Retype the data that follows with no alterations, please.

BEGIN

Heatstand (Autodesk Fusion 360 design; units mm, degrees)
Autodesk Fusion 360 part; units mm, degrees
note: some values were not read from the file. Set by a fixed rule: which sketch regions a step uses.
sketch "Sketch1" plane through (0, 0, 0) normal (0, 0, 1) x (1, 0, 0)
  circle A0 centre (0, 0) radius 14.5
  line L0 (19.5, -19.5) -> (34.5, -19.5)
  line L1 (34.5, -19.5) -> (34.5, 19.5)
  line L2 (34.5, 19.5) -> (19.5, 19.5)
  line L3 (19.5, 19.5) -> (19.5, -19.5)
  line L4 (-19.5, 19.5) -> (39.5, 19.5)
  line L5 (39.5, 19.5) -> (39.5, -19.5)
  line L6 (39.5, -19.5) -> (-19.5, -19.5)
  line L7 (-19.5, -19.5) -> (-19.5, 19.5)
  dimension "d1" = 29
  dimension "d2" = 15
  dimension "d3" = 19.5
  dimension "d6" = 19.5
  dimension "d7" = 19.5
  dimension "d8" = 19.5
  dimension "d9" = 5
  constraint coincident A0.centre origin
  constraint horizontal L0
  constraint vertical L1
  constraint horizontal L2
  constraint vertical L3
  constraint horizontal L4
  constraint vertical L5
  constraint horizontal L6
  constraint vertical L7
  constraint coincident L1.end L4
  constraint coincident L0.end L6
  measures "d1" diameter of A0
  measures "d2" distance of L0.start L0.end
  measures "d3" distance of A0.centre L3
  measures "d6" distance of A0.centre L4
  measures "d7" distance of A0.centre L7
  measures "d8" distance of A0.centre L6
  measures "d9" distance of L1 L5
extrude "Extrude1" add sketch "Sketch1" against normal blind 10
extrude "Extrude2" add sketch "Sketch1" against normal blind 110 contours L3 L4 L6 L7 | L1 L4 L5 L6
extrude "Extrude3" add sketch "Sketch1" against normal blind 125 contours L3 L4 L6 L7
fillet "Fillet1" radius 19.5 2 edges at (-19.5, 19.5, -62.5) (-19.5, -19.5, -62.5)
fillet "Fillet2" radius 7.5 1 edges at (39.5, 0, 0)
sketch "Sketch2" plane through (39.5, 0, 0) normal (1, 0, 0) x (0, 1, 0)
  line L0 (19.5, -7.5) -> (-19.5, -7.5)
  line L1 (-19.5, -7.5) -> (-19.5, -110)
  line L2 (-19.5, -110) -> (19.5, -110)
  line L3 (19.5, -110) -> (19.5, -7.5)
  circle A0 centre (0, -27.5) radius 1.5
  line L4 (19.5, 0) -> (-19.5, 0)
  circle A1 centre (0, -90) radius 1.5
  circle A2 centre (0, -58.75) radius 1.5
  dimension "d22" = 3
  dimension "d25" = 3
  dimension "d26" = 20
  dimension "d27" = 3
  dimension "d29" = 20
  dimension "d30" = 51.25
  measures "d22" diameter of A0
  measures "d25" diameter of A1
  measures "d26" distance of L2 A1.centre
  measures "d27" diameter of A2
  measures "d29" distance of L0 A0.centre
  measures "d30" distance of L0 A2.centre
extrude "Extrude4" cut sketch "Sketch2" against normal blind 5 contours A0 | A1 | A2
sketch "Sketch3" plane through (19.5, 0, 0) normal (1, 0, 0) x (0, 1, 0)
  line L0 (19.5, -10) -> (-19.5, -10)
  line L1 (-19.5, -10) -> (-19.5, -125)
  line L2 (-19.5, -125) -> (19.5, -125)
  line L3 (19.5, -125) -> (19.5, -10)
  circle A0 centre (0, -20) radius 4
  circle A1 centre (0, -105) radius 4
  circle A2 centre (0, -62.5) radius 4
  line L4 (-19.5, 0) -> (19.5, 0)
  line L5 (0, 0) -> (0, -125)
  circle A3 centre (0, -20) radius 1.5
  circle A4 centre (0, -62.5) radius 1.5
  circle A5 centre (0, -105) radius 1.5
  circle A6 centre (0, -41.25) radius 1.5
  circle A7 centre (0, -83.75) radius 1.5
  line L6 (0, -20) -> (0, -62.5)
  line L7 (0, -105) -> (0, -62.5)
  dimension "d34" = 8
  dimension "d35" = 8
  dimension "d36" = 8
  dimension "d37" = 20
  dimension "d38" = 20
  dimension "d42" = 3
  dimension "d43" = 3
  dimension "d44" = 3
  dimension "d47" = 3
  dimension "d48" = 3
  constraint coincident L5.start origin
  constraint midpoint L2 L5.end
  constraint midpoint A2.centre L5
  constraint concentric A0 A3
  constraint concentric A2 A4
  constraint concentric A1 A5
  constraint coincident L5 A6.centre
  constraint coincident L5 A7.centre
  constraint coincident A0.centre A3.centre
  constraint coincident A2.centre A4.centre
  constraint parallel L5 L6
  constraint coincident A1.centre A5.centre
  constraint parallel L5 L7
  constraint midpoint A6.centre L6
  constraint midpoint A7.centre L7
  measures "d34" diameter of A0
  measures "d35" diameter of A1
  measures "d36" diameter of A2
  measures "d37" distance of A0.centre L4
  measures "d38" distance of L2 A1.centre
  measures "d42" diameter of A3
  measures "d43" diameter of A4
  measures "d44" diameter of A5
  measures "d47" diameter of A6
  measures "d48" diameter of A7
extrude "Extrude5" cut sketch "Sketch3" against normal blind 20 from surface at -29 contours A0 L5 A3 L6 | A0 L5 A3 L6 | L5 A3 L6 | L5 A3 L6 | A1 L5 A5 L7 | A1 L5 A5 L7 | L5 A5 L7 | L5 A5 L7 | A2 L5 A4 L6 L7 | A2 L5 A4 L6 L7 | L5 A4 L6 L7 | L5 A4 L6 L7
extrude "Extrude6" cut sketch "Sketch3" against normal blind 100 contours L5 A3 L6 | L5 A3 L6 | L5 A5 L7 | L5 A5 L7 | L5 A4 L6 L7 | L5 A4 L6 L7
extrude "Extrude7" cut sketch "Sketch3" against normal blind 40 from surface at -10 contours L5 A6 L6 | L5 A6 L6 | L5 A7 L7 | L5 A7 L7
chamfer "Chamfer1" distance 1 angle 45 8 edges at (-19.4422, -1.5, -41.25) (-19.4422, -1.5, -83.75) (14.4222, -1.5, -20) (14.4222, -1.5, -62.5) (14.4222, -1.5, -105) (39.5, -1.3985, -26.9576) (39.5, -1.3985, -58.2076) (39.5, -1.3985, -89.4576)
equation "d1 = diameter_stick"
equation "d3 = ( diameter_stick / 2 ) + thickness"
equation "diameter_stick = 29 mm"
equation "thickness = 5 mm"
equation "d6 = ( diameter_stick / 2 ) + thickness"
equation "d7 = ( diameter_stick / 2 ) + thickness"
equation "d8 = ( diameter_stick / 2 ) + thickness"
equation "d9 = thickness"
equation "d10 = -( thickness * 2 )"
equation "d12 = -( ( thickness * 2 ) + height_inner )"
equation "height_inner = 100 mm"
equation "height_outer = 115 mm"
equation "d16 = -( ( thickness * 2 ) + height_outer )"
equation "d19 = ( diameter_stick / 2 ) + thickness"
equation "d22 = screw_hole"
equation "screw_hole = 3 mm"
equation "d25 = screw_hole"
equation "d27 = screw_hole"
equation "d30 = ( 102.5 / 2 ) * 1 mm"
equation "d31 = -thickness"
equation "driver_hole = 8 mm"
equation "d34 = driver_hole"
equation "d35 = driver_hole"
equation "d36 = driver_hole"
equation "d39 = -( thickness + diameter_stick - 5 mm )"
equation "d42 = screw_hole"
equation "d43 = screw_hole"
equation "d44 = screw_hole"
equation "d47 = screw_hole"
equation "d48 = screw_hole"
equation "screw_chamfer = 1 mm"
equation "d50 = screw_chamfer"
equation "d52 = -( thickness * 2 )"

END

= ANSWER TO THIS PROBLEM =
Heatstand (Autodesk Fusion 360 design; units mm, degrees)
Autodesk Fusion 360 part; units mm, degrees
note: some values were not read from the file. Set by a fixed rule: which sketch regions a step uses.
sketch "Sketch1" plane through (0, 0, 0) normal (0, 0, 1) x (1, 0, 0)
  circle A0 centre (0, 0) radius 14.5
  line L0 (19.5, -19.5) -> (34.5, -19.5)
  line L1 (34.5, -19.5) -> (34.5, 19.5)
  line L2 (34.5, 19.5) -> (19.5, 19.5)
  line L3 (19.5, 19.5) -> (19.5, -19.5)
  line L4 (-19.5, 19.5) -> (39.5, 19.5)
  line L5 (39.5, 19.5) -> (39.5, -19.5)
  line L6 (39.5, -19.5) -> (-19.5, -19.5)
  line L7 (-19.5, -19.5) -> (-19.5, 19.5)
  dimension "d1" = 29
  dimension "d2" = 15
  dimension "d3" = 19.5
  dimension "d6" = 19.5
  dimension "d7" = 19.5
  dimension "d8" = 19.5
  dimension "d9" = 5
  constraint coincident A0.centre origin
  constraint horizontal L0
  constraint vertical L1
  constraint horizontal L2
  constraint vertical L3
  constraint horizontal L4
  constraint vertical L5
  constraint horizontal L6
  constraint vertical L7
  constraint coincident L1.end L4
  constraint coincident L0.end L6
  measures "d1" diameter of A0
  measures "d2" distance of L0.start L0.end
  measures "d3" distance of A0.centre L3
  measures "d6" distance of A0.centre L4
  measures "d7" distance of A0.centre L7
  measures "d8" distance of A0.centre L6
  measures "d9" distance of L1 L5
extrude "Extrude1" add sketch "Sketch1" against normal blind 10
extrude "Extrude2" add sketch "Sketch1" against normal blind 110 contours L3 L4 L6 L7 | L1 L4 L5 L6
extrude "Extrude3" add sketch "Sketch1" against normal blind 125 contours L3 L4 L6 L7
fillet "Fillet1" radius 19.5 2 edges at (-19.5, 19.5, -62.5) (-19.5, -19.5, -62.5)
fillet "Fillet2" radius 7.5 1 edges at (39.5, 0, 0)
sketch "Sketch2" plane through (39.5, 0, 0) normal (1, 0, 0) x (0, 1, 0)
  line L0 (19.5, -7.5) -> (-19.5, -7.5)
  line L1 (-19.5, -7.5) -> (-19.5, -110)
  line L2 (-19.5, -110) -> (19.5, -110)
  line L3 (19.5, -110) -> (19.5, -7.5)
  circle A0 centre (0, -27.5) radius 1.5
  line L4 (19.5, 0) -> (-19.5, 0)
  circle A1 centre (0, -90) radius 1.5
  circle A2 centre (0, -58.75) radius 1.5
  dimension "d22" = 3
  dimension "d25" = 3
  dimension "d26" = 20
  dimension "d27" = 3
  dimension "d29" = 20
  dimension "d30" = 51.25
  measures "d22" diameter of A0
  measures "d25" diameter of A1
  measures "d26" distance of L2 A1.centre
  measures "d27" diameter of A2
  measures "d29" distance of L0 A0.centre
  measures "d30" distance of L0 A2.centre
extrude "Extrude4" cut sketch "Sketch2" against normal blind 5 contours A0 | A1 | A2
sketch "Sketch3" plane through (19.5, 0, 0) normal (1, 0, 0) x (0, 1, 0)
  line L0 (19.5, -10) -> (-19.5, -10)
  line L1 (-19.5, -10) -> (-19.5, -125)
  line L2 (-19.5, -125) -> (19.5, -125)
  line L3 (19.5, -125) -> (19.5, -10)
  circle A0 centre (0, -20) radius 4
  circle A1 centre (0, -105) radius 4
  circle A2 centre (0, -62.5) radius 4
  line L4 (-19.5, 0) -> (19.5, 0)
  line L5 (0, 0) -> (0, -125)
  circle A3 centre (0, -20) radius 1.5
  circle A4 centre (0, -62.5) radius 1.5
  circle A5 centre (0, -105) radius 1.5
  circle A6 centre (0, -41.25) radius 1.5
  circle A7 centre (0, -83.75) radius 1.5
  line L6 (0, -20) -> (0, -62.5)
  line L7 (0, -105) -> (0, -62.5)
  dimension "d34" = 8
  dimension "d35" = 8
  dimension "d36" = 8
  dimension "d37" = 20
  dimension "d38" = 20
  dimension "d42" = 3
  dimension "d43" = 3
  dimension "d44" = 3
  dimension "d47" = 3
  dimension "d48" = 3
  constraint coincident L5.start origin
  constraint midpoint L2 L5.end
  constraint midpoint A2.centre L5
  constraint concentric A0 A3
  constraint concentric A2 A4
  constraint concentric A1 A5
  constraint coincident L5 A6.centre
  constraint coincident L5 A7.centre
  constraint coincident A0.centre A3.centre
  constraint coincident A2.centre A4.centre
  constraint parallel L5 L6
  constraint coincident A1.centre A5.centre
  constraint parallel L5 L7
  constraint midpoint A6.centre L6
  constraint midpoint A7.centre L7
  measures "d34" diameter of A0
  measures "d35" diameter of A1
  measures "d36" diameter of A2
  measures "d37" distance of A0.centre L4
  measures "d38" distance of L2 A1.centre
  measures "d42" diameter of A3
  measures "d43" diameter of A4
  measures "d44" diameter of A5
  measures "d47" diameter of A6
  measures "d48" diameter of A7
extrude "Extrude5" cut sketch "Sketch3" against normal blind 20 from surface at -29 contours A0 L5 A3 L6 | A0 L5 A3 L6 | L5 A3 L6 | L5 A3 L6 | A1 L5 A5 L7 | A1 L5 A5 L7 | L5 A5 L7 | L5 A5 L7 | A2 L5 A4 L6 L7 | A2 L5 A4 L6 L7 | L5 A4 L6 L7 | L5 A4 L6 L7
extrude "Extrude6" cut sketch "Sketch3" against normal blind 100 contours L5 A3 L6 | L5 A3 L6 | L5 A5 L7 | L5 A5 L7 | L5 A4 L6 L7 | L5 A4 L6 L7
extrude "Extrude7" cut sketch "Sketch3" against normal blind 40 from surface at -10 contours L5 A6 L6 | L5 A6 L6 | L5 A7 L7 | L5 A7 L7
chamfer "Chamfer1" distance 1 angle 45 8 edges at (-19.4422, -1.5, -41.25) (-19.4422, -1.5, -83.75) (14.4222, -1.5, -20) (14.4222, -1.5, -62.5) (14.4222, -1.5, -105) (39.5, -1.3985, -26.9576) (39.5, -1.3985, -58.2076) (39.5, -1.3985, -89.4576)
equation "d1 = diameter_stick"
equation "d3 = ( diameter_stick / 2 ) + thickness"
equation "diameter_stick = 29 mm"
equation "thickness = 5 mm"
equation "d6 = ( diameter_stick / 2 ) + thickness"
equation "d7 = ( diameter_stick / 2 ) + thickness"
equation "d8 = ( diameter_stick / 2 ) + thickness"
equation "d9 = thickness"
equation "d10 = -( thickness * 2 )"
equation "d12 = -( ( thickness * 2 ) + height_inner )"
equation "height_inner = 100 mm"
equation "height_outer = 115 mm"
equation "d16 = -( ( thickness * 2 ) + height_outer )"
equation "d19 = ( diameter_stick / 2 ) + thickness"
equation "d22 = screw_hole"
equation "screw_hole = 3 mm"
equation "d25 = screw_hole"
equation "d27 = screw_hole"
equation "d30 = ( 102.5 / 2 ) * 1 mm"
equation "d31 = -thickness"
equation "driver_hole = 8 mm"
equation "d34 = driver_hole"
equation "d35 = driver_hole"
equation "d36 = driver_hole"
equation "d39 = -( thickness + diameter_stick - 5 mm )"
equation "d42 = screw_hole"
equation "d43 = screw_hole"
equation "d44 = screw_hole"
equation "d47 = screw_hole"
equation "d48 = screw_hole"
equation "screw_chamfer = 1 mm"
equation "d50 = screw_chamfer"
equation "d52 = -( thickness * 2 )"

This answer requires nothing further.